◆ **YOUR ASSIGNMENT**:
Write out exactly the lines of the entries below, from the first through the line containing "#9=PRODUCT_DEFINITION_SHAPE('','',#8);", and nothing beyond them.

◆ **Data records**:
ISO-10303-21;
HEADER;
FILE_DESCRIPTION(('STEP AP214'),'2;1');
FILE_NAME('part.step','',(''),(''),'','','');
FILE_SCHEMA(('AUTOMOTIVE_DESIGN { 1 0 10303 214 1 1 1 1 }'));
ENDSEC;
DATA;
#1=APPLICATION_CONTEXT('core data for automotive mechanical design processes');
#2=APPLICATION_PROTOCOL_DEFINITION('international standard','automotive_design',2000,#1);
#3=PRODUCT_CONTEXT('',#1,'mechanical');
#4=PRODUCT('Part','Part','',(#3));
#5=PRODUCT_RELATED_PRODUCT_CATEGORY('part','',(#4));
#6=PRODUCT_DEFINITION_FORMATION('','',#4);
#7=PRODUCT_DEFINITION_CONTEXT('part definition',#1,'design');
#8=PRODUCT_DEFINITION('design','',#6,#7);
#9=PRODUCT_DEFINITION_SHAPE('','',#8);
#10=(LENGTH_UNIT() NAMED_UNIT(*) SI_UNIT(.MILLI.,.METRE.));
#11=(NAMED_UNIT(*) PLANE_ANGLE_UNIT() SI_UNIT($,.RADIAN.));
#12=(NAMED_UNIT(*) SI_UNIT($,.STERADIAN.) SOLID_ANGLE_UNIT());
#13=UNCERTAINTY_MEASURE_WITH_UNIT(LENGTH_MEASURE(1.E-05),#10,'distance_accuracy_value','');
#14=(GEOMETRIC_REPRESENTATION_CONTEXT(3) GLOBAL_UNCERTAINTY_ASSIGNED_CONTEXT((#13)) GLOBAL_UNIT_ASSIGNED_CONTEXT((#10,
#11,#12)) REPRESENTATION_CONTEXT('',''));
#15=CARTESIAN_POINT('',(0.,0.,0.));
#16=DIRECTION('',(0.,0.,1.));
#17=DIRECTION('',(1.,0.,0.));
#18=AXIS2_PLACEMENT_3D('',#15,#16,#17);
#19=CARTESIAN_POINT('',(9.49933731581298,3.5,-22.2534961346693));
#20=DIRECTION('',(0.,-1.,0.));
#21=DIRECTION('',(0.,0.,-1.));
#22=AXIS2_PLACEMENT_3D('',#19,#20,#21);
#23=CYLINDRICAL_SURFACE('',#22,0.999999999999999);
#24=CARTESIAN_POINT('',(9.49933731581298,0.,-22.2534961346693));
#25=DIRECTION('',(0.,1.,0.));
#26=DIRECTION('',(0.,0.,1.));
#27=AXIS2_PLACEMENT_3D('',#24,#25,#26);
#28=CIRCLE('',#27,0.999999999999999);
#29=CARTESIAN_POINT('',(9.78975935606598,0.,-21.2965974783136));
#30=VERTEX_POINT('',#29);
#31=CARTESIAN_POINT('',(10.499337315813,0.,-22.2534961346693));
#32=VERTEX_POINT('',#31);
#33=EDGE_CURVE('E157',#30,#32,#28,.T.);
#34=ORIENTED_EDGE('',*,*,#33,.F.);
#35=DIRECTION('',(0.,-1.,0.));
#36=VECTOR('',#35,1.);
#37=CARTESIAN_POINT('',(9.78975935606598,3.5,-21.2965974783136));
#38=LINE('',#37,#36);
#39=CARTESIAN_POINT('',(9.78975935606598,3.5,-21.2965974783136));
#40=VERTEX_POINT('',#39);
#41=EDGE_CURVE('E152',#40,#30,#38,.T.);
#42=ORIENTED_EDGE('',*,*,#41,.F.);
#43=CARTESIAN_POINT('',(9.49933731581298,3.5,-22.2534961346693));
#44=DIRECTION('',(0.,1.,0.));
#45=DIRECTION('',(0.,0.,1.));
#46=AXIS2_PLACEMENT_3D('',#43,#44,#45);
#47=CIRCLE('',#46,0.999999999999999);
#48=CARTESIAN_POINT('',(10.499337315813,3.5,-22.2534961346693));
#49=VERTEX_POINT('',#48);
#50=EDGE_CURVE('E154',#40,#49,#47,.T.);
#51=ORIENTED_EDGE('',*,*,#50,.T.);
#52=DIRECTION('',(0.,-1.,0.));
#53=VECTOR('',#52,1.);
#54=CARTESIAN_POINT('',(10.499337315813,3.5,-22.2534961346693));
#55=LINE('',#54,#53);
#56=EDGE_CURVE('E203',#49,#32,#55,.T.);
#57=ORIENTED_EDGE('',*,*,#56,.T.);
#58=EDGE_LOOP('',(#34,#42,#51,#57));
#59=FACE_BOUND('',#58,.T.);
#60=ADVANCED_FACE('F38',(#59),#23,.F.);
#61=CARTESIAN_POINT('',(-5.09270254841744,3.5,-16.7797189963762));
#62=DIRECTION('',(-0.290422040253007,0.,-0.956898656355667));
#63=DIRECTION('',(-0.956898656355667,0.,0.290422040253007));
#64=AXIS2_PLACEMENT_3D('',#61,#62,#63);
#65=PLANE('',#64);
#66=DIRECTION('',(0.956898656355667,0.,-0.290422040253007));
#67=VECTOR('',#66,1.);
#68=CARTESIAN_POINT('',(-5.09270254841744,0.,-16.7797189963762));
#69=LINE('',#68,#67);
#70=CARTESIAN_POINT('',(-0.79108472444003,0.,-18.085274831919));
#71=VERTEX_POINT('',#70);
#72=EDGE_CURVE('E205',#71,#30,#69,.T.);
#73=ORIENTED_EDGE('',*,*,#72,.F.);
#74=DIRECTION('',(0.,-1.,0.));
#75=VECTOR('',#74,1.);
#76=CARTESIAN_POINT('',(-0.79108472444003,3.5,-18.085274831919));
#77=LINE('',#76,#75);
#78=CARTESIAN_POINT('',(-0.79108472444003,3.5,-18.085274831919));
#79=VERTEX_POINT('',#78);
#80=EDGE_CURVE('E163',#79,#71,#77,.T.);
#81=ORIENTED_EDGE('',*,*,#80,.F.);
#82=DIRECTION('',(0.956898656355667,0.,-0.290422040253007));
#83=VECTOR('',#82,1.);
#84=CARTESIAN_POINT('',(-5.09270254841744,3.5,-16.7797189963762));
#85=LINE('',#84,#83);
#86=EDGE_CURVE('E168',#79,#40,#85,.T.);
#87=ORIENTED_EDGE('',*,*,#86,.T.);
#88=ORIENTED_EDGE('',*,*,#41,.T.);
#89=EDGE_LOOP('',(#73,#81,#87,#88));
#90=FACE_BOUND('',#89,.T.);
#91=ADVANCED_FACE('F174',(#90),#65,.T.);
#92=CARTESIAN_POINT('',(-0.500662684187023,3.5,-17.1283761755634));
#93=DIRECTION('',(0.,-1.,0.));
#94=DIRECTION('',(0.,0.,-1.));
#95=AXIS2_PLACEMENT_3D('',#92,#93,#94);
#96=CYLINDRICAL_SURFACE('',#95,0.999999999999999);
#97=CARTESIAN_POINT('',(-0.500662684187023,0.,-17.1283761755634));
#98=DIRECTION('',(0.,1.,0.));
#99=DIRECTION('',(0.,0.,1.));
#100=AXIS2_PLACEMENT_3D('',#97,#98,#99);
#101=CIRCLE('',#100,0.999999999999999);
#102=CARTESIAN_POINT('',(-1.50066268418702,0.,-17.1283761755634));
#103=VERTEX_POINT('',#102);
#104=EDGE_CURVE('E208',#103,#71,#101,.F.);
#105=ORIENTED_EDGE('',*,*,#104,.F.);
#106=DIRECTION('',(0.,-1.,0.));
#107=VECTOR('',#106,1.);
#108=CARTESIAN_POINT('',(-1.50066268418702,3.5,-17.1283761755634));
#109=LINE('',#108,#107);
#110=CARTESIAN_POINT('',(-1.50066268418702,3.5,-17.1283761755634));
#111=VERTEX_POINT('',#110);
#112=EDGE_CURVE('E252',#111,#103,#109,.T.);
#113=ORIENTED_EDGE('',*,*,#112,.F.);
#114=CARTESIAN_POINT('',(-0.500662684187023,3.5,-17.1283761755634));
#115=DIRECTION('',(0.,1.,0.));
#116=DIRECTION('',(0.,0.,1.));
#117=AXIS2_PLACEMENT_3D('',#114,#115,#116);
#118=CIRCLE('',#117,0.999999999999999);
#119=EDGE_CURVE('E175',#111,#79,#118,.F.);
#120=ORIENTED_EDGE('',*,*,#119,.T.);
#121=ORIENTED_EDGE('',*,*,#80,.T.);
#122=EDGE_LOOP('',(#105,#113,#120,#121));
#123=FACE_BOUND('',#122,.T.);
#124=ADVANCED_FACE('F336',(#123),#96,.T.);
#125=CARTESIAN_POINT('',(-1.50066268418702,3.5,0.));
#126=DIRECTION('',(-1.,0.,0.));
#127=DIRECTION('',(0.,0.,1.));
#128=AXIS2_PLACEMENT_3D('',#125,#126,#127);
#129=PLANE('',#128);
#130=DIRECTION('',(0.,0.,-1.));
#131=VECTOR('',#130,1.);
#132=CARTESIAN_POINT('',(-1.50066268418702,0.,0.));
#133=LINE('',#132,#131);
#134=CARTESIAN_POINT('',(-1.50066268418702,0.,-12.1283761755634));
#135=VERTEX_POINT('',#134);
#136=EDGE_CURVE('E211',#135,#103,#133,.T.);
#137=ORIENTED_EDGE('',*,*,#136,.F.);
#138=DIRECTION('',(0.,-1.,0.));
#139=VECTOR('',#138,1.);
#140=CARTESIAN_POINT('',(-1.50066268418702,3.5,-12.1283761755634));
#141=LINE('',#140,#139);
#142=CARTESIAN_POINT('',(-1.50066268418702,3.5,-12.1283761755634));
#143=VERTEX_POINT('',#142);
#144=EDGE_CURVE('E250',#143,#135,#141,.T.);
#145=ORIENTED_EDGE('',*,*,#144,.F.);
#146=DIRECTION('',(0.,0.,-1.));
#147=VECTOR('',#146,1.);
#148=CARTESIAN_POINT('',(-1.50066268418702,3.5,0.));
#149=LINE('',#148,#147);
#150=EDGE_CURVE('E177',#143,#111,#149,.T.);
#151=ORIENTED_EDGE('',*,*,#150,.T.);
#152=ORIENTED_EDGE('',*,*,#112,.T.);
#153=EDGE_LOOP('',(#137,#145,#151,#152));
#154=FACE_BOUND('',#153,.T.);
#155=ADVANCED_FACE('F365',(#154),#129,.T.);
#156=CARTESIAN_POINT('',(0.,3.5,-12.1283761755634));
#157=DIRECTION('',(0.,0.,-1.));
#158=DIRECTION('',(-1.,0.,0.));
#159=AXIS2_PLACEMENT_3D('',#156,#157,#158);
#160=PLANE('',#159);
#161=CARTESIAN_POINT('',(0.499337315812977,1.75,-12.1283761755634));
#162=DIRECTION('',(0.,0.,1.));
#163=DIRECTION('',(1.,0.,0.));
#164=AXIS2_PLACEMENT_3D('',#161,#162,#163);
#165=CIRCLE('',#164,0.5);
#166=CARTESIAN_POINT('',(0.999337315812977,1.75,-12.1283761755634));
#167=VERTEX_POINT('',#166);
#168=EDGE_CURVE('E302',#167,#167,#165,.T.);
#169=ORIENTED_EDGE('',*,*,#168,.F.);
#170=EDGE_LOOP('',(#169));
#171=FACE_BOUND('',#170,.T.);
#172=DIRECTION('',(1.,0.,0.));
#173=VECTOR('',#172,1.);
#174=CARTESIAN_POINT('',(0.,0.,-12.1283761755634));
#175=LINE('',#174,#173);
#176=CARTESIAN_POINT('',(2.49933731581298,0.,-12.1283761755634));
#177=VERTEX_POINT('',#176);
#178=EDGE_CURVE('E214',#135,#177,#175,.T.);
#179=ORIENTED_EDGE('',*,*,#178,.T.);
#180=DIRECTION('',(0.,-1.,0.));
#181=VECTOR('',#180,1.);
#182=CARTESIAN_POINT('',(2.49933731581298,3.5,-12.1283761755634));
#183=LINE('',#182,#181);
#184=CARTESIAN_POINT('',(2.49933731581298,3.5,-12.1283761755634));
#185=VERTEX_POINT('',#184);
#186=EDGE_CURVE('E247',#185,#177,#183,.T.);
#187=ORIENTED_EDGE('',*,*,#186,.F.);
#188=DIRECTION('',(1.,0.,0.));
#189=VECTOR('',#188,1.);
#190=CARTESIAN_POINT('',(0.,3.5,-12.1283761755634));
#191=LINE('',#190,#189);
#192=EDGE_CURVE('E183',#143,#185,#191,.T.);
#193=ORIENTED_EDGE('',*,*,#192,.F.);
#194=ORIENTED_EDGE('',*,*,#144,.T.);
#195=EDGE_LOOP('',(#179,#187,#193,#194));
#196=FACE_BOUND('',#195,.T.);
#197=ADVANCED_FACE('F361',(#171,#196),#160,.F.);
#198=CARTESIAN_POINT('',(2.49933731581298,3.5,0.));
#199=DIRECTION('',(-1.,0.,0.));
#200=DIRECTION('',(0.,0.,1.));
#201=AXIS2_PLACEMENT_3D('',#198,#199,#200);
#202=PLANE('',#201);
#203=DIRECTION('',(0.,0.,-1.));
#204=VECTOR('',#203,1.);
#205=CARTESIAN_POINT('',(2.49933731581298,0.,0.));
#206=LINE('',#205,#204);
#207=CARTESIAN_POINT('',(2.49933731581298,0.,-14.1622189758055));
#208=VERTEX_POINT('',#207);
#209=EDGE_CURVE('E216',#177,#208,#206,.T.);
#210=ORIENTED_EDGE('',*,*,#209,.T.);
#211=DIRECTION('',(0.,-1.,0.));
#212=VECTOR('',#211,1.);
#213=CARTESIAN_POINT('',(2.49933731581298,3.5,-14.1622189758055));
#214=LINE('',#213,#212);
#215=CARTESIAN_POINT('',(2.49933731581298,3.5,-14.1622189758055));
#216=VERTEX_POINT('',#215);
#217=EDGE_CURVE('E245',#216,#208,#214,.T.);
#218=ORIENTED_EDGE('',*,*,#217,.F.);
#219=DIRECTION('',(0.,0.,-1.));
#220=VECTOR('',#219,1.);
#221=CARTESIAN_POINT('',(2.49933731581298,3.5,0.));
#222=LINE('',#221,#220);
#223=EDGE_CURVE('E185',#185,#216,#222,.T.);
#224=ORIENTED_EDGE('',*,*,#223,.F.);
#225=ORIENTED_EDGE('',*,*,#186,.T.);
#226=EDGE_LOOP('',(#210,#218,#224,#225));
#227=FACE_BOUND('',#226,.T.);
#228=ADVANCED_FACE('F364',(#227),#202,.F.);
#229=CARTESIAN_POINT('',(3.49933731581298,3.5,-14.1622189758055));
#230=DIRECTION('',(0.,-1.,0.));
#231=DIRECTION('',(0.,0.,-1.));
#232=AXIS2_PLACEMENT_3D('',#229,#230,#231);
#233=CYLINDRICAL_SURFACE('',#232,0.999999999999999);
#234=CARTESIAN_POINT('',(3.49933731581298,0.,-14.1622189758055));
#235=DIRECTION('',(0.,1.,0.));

◆ **FINISHED TASK**:
ISO-10303-21;
HEADER;
FILE_DESCRIPTION(('STEP AP214'),'2;1');
FILE_NAME('part.step','',(''),(''),'','','');
FILE_SCHEMA(('AUTOMOTIVE_DESIGN { 1 0 10303 214 1 1 1 1 }'));
ENDSEC;
DATA;
#1=APPLICATION_CONTEXT('core data for automotive mechanical design processes');
#2=APPLICATION_PROTOCOL_DEFINITION('international standard','automotive_design',2000,#1);
#3=PRODUCT_CONTEXT('',#1,'mechanical');
#4=PRODUCT('Part','Part','',(#3));
#5=PRODUCT_RELATED_PRODUCT_CATEGORY('part','',(#4));
#6=PRODUCT_DEFINITION_FORMATION('','',#4);
#7=PRODUCT_DEFINITION_CONTEXT('part definition',#1,'design');
#8=PRODUCT_DEFINITION('design','',#6,#7);
#9=PRODUCT_DEFINITION_SHAPE('','',#8);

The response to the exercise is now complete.